Sebagai perintis seringkali kita bisa juga hilang merasa arah dan sulit dalam menentukan pilihan yang ideal. Jadi, memburu-buru sesuatu tidak banyak membantu, sebaliknya membuat orang merasa terdesak. Sebab perintis mencari-cari peluang sendiri, trial n error, tidak semua perintis juga mendapat bimbingan. Jadi, daripada menuntut lebih baik mendoakan dan mendukung saja upayanya. 

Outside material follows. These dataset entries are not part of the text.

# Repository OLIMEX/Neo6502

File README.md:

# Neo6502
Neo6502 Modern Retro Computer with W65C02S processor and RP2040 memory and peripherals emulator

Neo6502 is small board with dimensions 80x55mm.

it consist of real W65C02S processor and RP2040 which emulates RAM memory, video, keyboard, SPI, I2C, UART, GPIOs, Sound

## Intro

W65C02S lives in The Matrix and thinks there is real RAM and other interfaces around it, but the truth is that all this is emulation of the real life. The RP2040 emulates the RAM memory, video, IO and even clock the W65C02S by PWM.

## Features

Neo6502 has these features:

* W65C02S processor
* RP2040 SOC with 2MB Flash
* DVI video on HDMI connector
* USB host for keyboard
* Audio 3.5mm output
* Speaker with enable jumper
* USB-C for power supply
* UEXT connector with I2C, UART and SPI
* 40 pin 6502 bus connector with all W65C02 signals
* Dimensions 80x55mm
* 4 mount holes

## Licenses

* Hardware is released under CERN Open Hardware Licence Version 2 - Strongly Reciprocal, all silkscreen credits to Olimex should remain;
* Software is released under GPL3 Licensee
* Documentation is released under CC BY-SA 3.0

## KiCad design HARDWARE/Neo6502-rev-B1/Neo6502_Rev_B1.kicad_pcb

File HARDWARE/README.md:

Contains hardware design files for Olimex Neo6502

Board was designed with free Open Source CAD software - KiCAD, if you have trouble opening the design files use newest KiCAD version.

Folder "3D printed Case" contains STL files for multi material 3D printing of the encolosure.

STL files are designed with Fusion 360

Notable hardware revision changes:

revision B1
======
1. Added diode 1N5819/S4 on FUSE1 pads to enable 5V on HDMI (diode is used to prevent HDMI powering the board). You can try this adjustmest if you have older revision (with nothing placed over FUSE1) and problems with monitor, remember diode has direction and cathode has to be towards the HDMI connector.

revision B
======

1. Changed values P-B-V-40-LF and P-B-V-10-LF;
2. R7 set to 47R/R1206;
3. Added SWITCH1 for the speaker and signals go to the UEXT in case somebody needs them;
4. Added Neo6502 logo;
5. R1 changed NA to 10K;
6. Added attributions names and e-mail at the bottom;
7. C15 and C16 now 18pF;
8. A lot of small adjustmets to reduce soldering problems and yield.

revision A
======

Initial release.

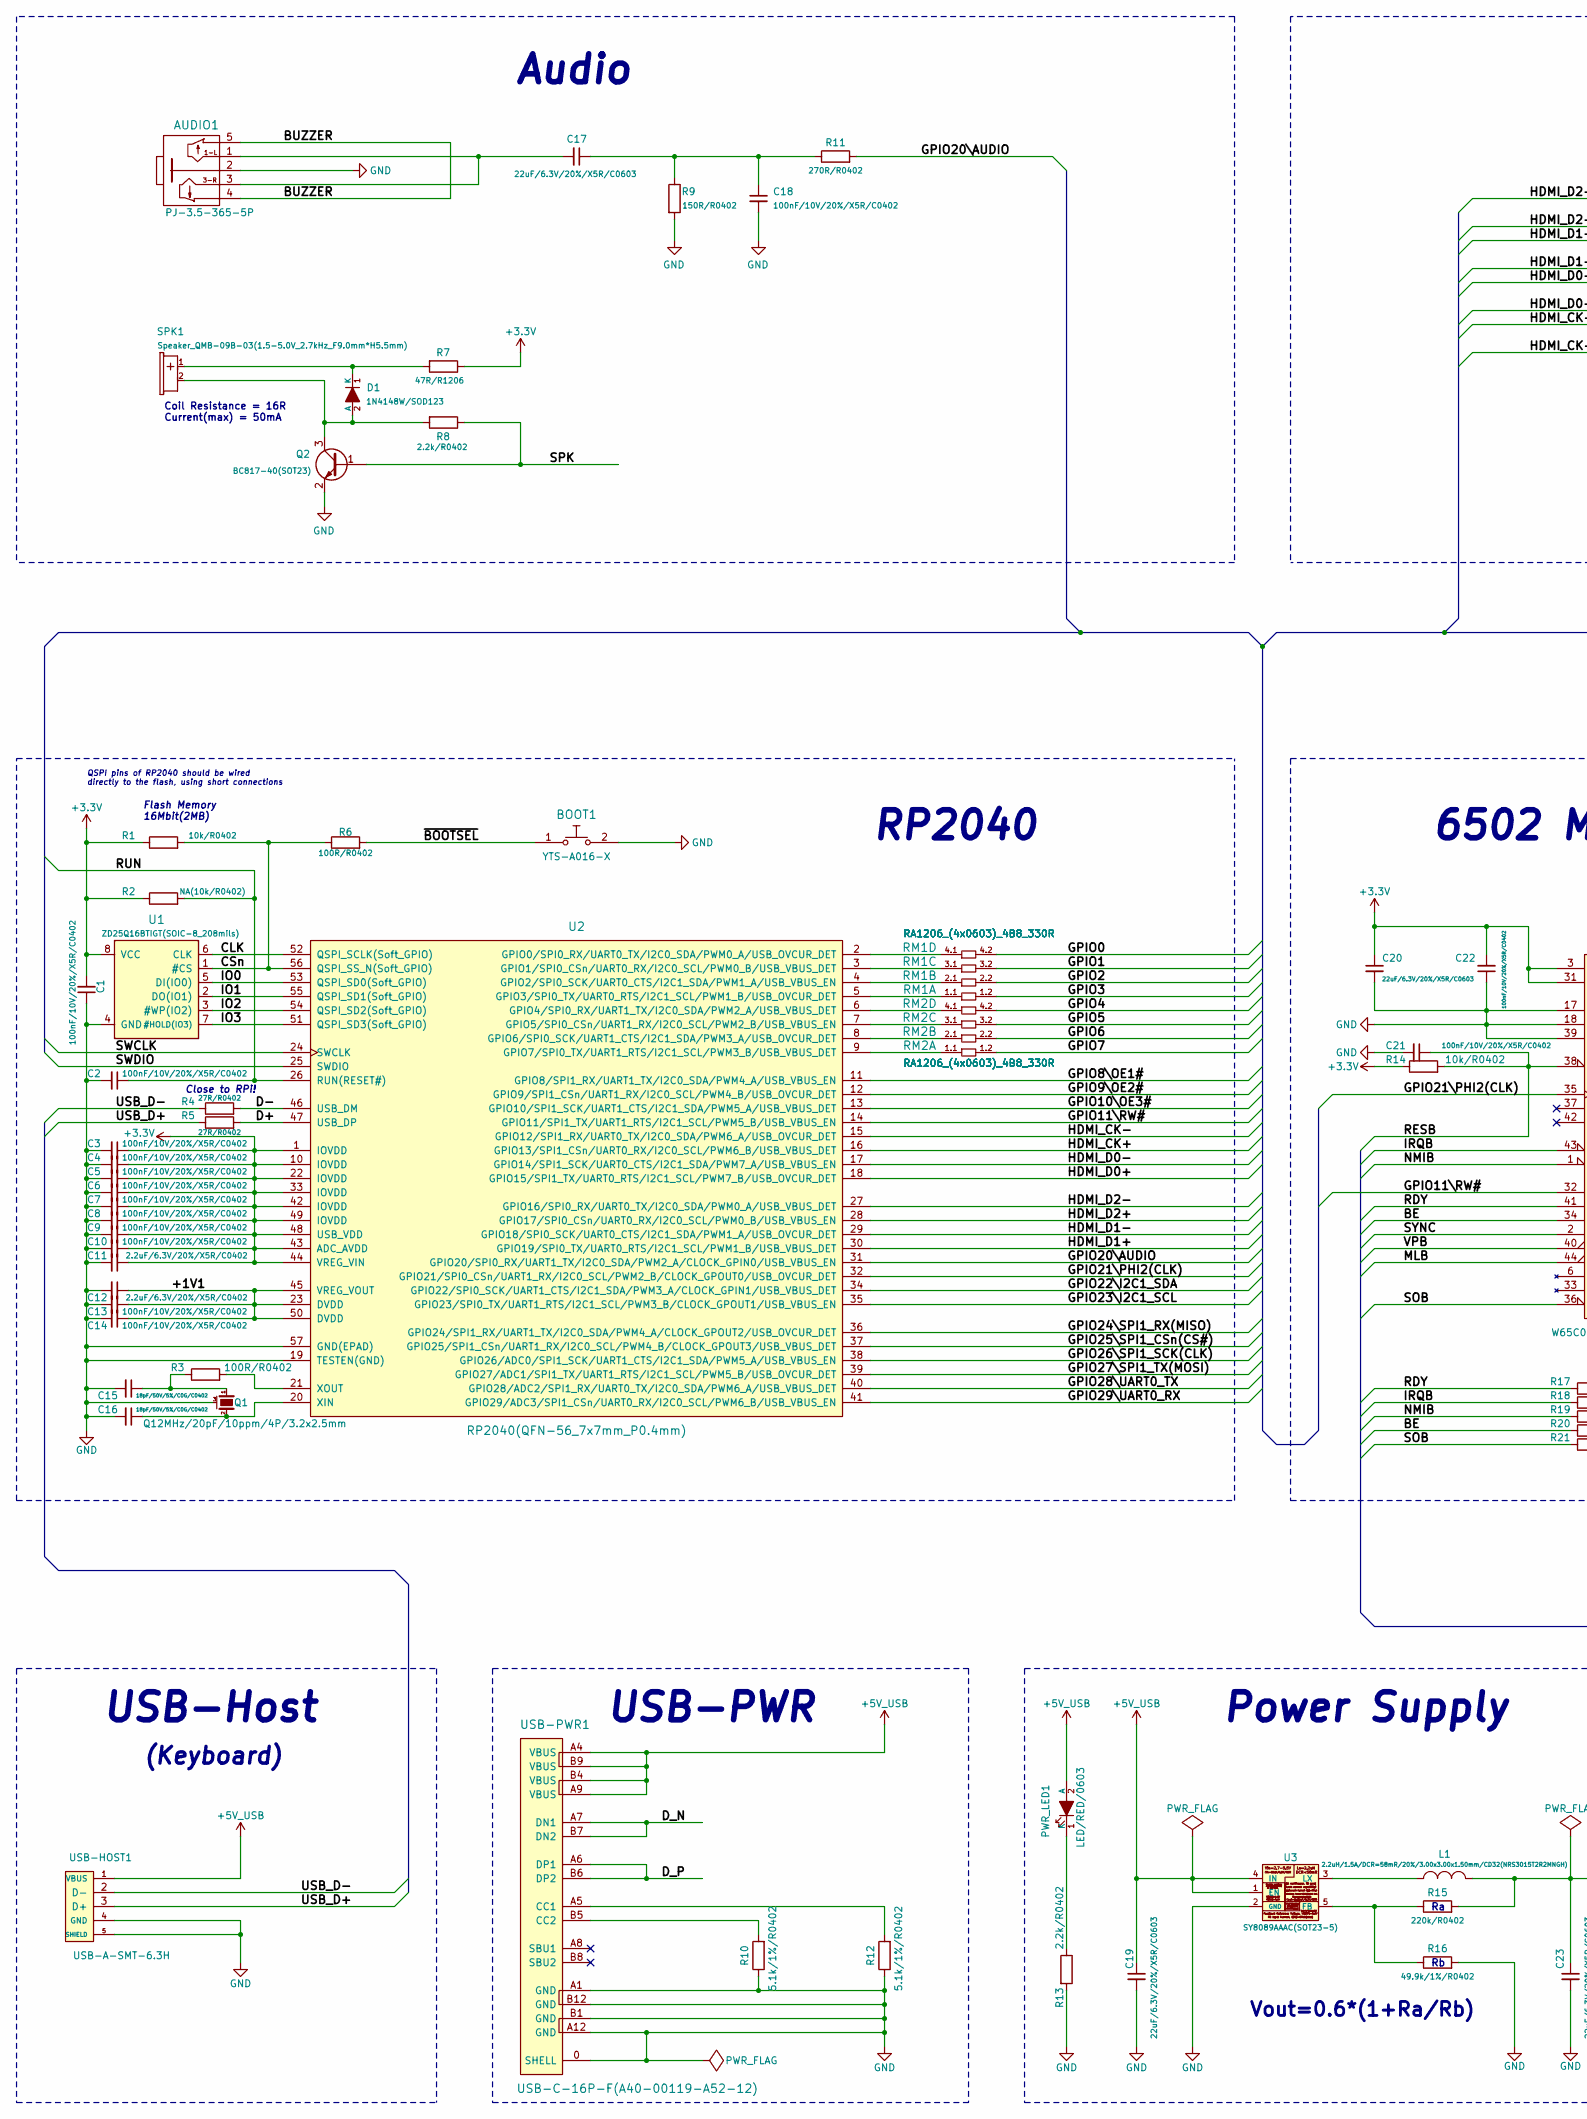
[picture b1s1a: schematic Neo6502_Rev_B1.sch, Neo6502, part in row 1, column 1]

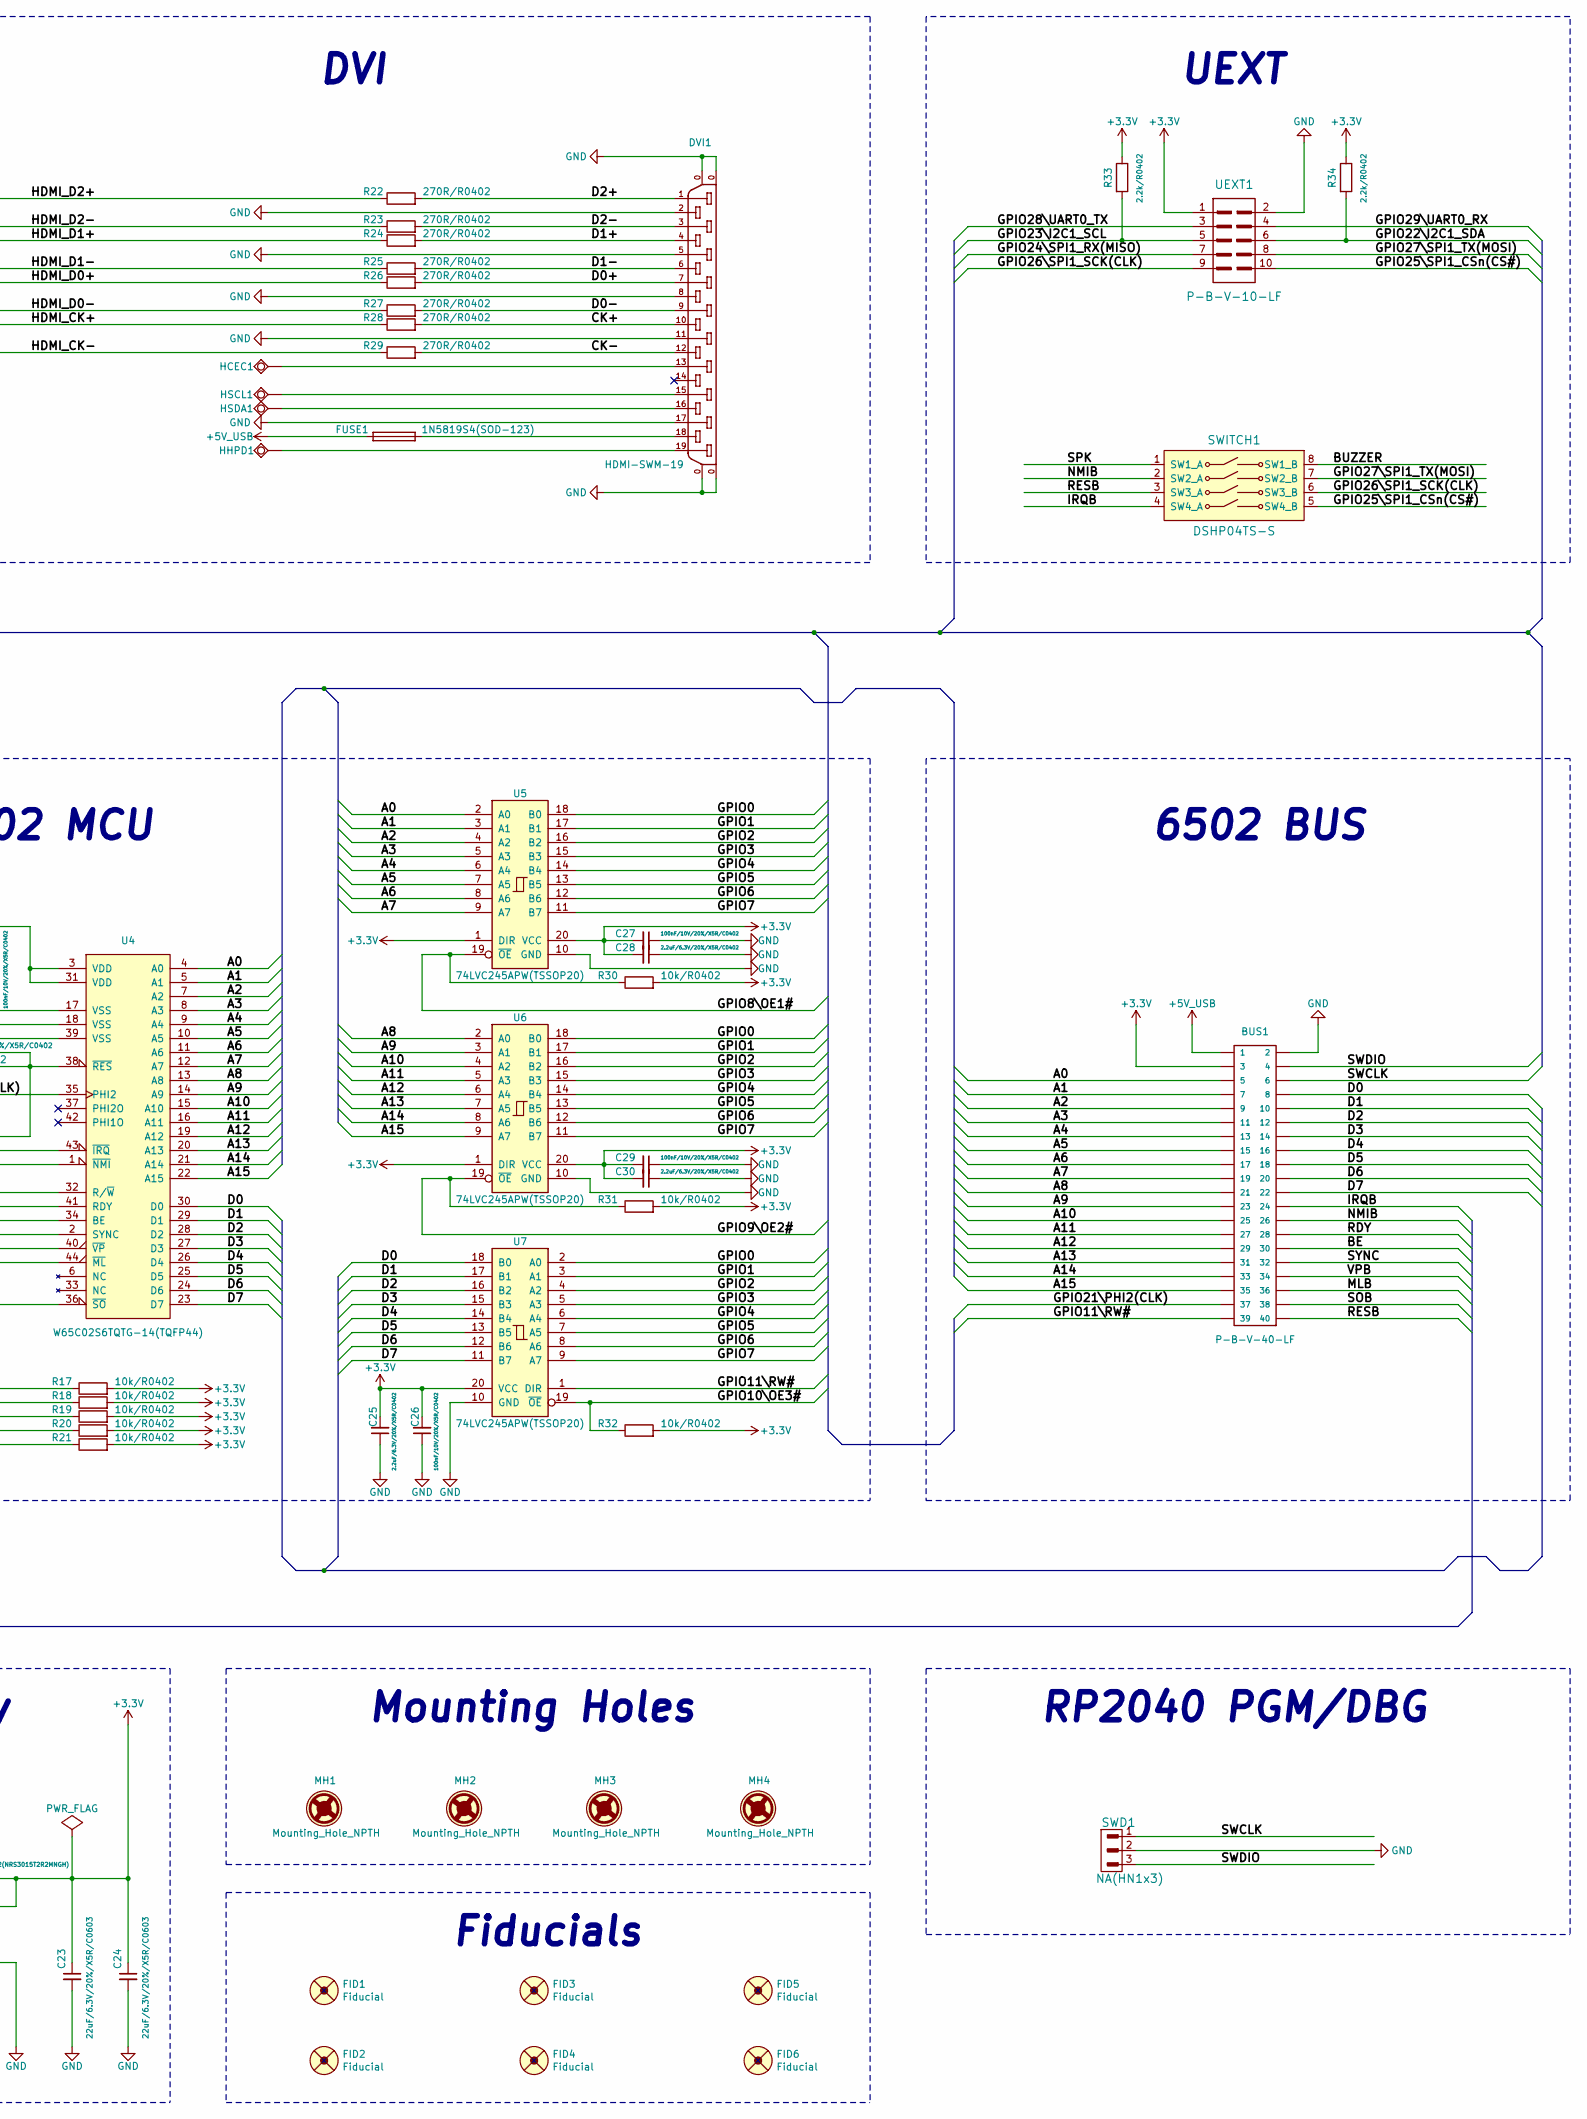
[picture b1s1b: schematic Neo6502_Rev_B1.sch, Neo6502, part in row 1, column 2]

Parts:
AUDIO1: PJ-3.5-365-5P; SCJ325P00XG0B02G
BOOT1: YTS-A016-X
BUS1: P-B-V-40-LF; GBH-254-SMT-40
C1, C2, C3, C4, C5, C6, C7, C8, C9, C10, C13, C14, C18, C21, C22, C26, C27, C29: 100nF/10V/20%/X5R/C0402; C_0402_5MIL_DWS
C11, C12, C25, C28, C30: 2.2uF/6.3V/20%/X5R/C0402; C_0402_5MIL_DWS
C15, C16: 18pF/50V/5%/C0G/C0402; C_0402_5MIL_DWS
C17, C19, C20, C23, C24: 22uF/6.3V/20%/X5R/C0603; C_0603_5MIL_DWS
D1: 1N4148W/SOD123; SOD-123_1C-2A_KA
DVI1: HDMI-SWM-19; HDMI-SWM-19_Paste
FID1: Fiducial; Fiducial1x3_Past
FID2, FID3, FID4, FID5, FID6: Fiducial; Fiducial1x3
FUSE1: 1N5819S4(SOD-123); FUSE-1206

2. Orang seringkali hanya berorientasi pada outputnya saja

ilustrasi sedang berpikir (pexels.com/Mikhail Nilov)
ilustrasi sedang berpikir (pexels.com/Mikhail Nilov)

Hasil atau output menunjukkan usaha dan kerja keras kita selama ini. Ibarat bukti, biasanya orang akan menanyakan ‘hasil’ dari apa yang kita kerjakan dalam bentuk nyata. Karena mengutamakan ‘hasil’ seringkali orang melupakan pentingnya proses. Seolah usaha kita selama ini tidak terlihat dan terasa sia-sia karena belum kelihatan hasilnya.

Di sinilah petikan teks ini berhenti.